■ TASK DETAILS:
Report each line of the data that includes the word "layers".

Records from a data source
● ● ● ●

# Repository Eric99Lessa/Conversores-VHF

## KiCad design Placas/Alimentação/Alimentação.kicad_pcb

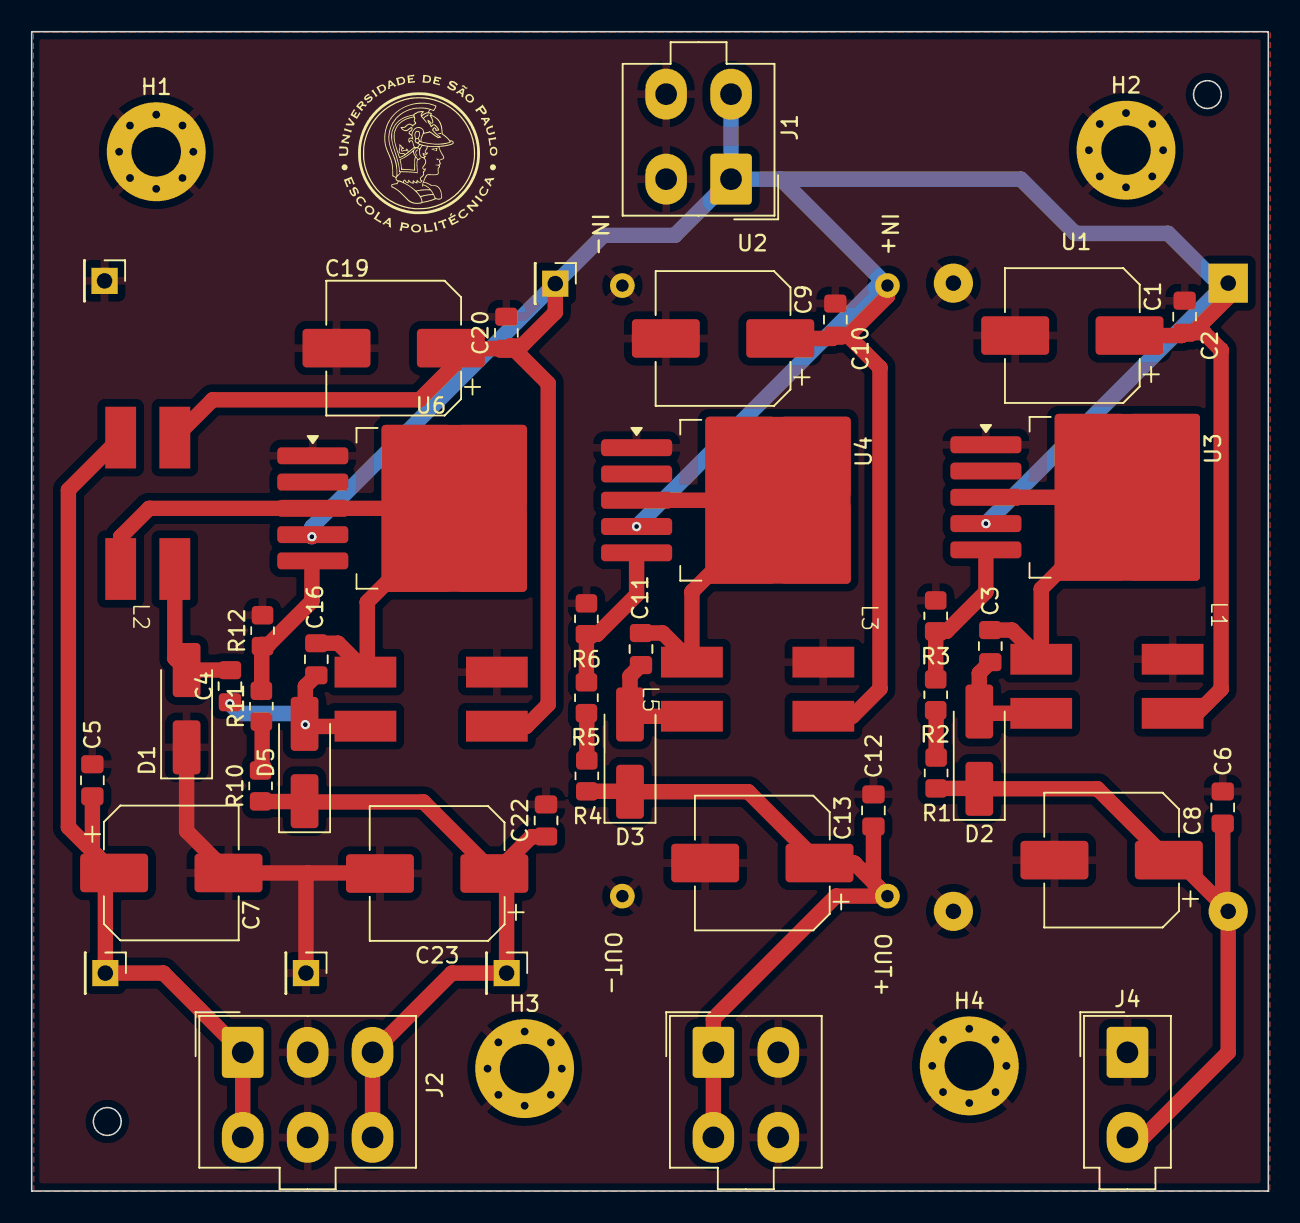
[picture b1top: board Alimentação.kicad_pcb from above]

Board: 2 copper layers, 80.0 x 75.0 mm, 53 parts (0 on the bottom side), 19 nets.

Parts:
C1, C7, C8, C9, C13, C19, C23: 220u; CP_Elec_8x10.5
C2, C5, C6, C10, C12, C20, C22: 1u; C_0805_2012Metric_Pad1.18x1.45mm_HandSolder
C3, C4, C11, C16: 22u; C_0805_2012Metric_Pad1.18x1.45mm_HandSolder
D1, D2, D3, D5: SS14; D_SMA_Handsoldering
H1, H2, H3, H4: MountingHole_Pad; MountingHole_3.2mm_M3_Pad_Via
J1, J3: Conn_02x02_ZigZag; Molex_Mini-Fit_Jr_5566-04A_2x02_P4.20mm_Vertical
J2: Conn_02x03_ZigZag; Molex_Mini-Fit_Jr_5566-06A_2x03_P4.20mm_Vertical
J4: Conn_02x01; Molex_Mini-Fit_Jr_5566-02A_2x01_P4.20mm_Vertical
J13, J14, J15, J16, J17: Conn_01x01_Pin; PinHeader_1x01_P2.54mm_Vertical
L1, L2, L3, L5: MSD1260t; Msd1260t
R1, R2: 1k5; R_0805_2012Metric_Pad1.20x1.40mm_HandSolder
R3, R5, R6, R11, R12: 1k; R_0805_2012Metric_Pad1.20x1.40mm_HandSolder
R4, R10: 10k; R_0805_2012Metric_Pad1.20x1.40mm_HandSolder
U1: YAAJ_DCDC_StepDown_LM2596
U2: Módulo XL6009; XL6009-Module
U3, U4, U6: XL6009; TO-263-5_TabPin3

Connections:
5V: C6.1, C8.1, D2.1 (K), J4.2, R1.1, U1.4 (Vout)
15V: C12.1, C13.1, D3.1 (K), J3.1, J3.3, R4.1, U2.3 (Vout)
+12V: C1.1, C2.1, C9.1, C10.1, C19.1, C20.1, J1.1, J1.3, J13.1, L1.1, L2.1, L3.1, L5.1, U1.1 (Vin), U2.1 (Vin), U3.4 (VIN), U4.4 (VIN), U6.4 (VIN)
+15V_sym: C22.1, C23.1, D5.1 (K), J2.3, J2.6, J17.1, R10.1
-15V_sym: C5.1, C7.1, J2.1, J2.4, J15.1, L2.2
/Conversor 12 to 5V/SEPIC_XL6011/L_out: C3.2, D2.2 (A), L1.4
/Conversor 12 to 5V/SEPIC_XL6011/SW: C3.1, L1.3, U3.3 (SW)
/Conversor 12 to 15V - Simétrico/L_out: C4.1, D5.2 (A), L5.4
/Conversor 12 to 15V - Simétrico/SW: L2.3, L5.3, U6.3 (SW)
/Conversor 12 to 15V/SEPIC_XL6012/L_out: C11.2, D3.2 (A), L3.4
/Conversor 12 to 15V/SEPIC_XL6012/SW: C11.1, L3.3, U4.3 (SW)
GND: C1.2, C2.2, C5.2, C6.2, C7.2, C8.2, C9.2, C10.2, C12.2, C13.2, C19.2, C20.2, C22.2, C23.2, D1.1 (K), H1.1, H2.1, H3.1, H4.1, J1.2, J1.4, J2.2, J2.5, J3.2, J3.4, J4.1, J14.1, J16.1, L1.2, L3.2, L5.2, R3.2, R6.2, R12.2, U1.2 (GND), U1.3 (GND), U2.2 (GND), U2.4 (GND), U3.1 (GND), U4.1 (GND), U6.1 (GND)
unnamed: C4.2, D1.2 (A), L2.4
unnamed: R1.2, R2.1
unnamed: R4.2, R5.1
unnamed: R10.2, R11.1
unnamed: R2.2, R3.1, U3.5 (FB)
unnamed: R5.2, R6.1, U4.5 (FB)
unnamed: R11.2, R12.1, U6.5 (FB)

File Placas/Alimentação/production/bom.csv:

Designator,Footprint,Quantity,Value,LCSC Part #
"C19, C23, C7",CP_Elec_8x10.5,3,220u,
"C20, C22, C5",0805,3,1u,
C4,0805,1,22u,
"D1, D5",D_SMA_Handsoldering,2,SS14,
"J1, J3",Molex_Mini-Fit_Jr_5566-04A_2x02_P4.20mm_Vertical,2,Conn_02x02_ZigZag,
J2,Molex_Mini-Fit_Jr_5566-06A_2x03_P4.20mm_Vertical,1,Conn_02x03_ZigZag,
J4,Molex_Mini-Fit_Jr_5566-02A_2x01_P4.20mm_Vertical,1,Conn_02x01,
"L2, L5",Msd1260t,2,MSD1260t,
R10,0805,1,10k,
"R11, R12",0805,2,1k,
U1,YAAJ_DCDC_StepDown_LM2596,1,YAAJ_DCDC_StepDown_LM2596,
U2,XL6009-Module,1,Módulo XL6009,
U6,TO-263-5_TabPin3,1,XL6009,

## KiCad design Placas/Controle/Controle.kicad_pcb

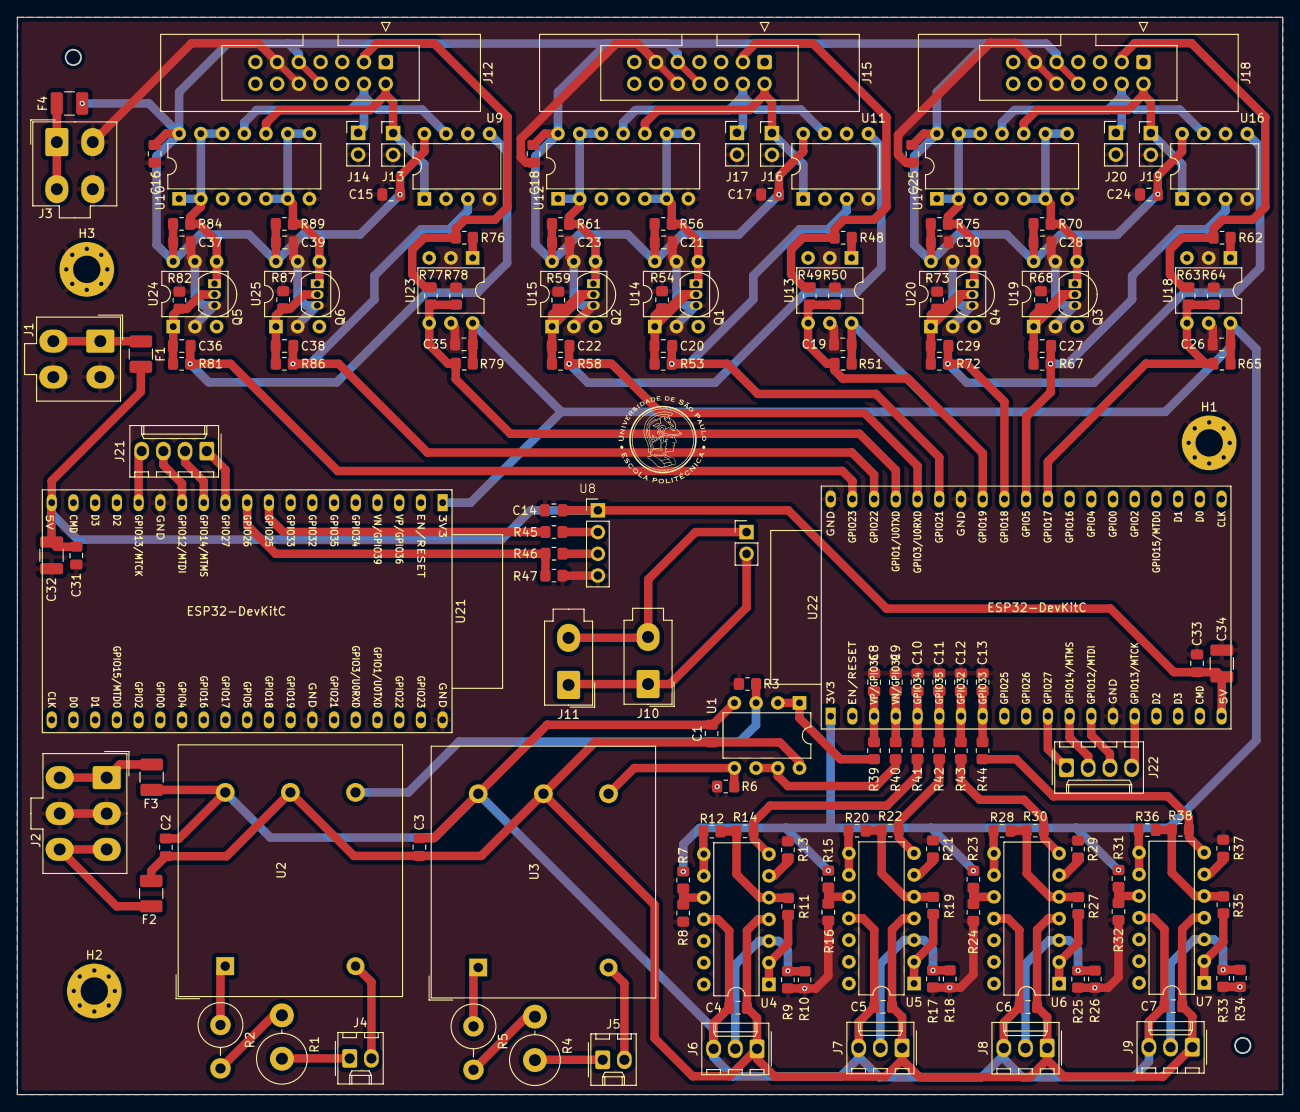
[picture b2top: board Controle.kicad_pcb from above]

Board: 2 copper layers, 148.0 x 126.0 mm, 176 parts (0 on the bottom side), 103 nets.

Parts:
C1, C2, C3, C4, C5, C6, C7, C14, C15, C16, C17, C18, C19, C21, C23, C24, C25, C26, C28, C30, C31, C33, C35, C37, C39: 0,1u; C_0805_2012Metric_Pad1.18x1.45mm_HandSolder
C8, C9, C10, C11, C12, C13: 330n; C_0805_2012Metric_Pad1.18x1.45mm_HandSolder
C20, C22, C27, C29, C36, C38: 6,8n; C_0805_2012Metric_Pad1.18x1.45mm_HandSolder
C32, C34: 10u; C_1210_3225Metric_Pad1.33x2.70mm_HandSolder
F1: 1A; Fuse_1210_3225Metric_Pad1.42x2.65mm_HandSolder
F2, F3: 0,4A; Fuse_1210_3225Metric_Pad1.42x2.65mm_HandSolder
F4: 3A; Fuse_1210_3225Metric_Pad1.42x2.65mm_HandSolder
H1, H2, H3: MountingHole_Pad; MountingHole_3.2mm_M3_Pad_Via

● ● ● ●

■ ANSWER FOR THIS EXERCISE:
Board: 2 copper layers, 80.0 x 75.0 mm, 53 parts (0 on the bottom side), 19 nets.
Board: 2 copper layers, 148.0 x 126.0 mm, 176 parts (0 on the bottom side), 103 nets.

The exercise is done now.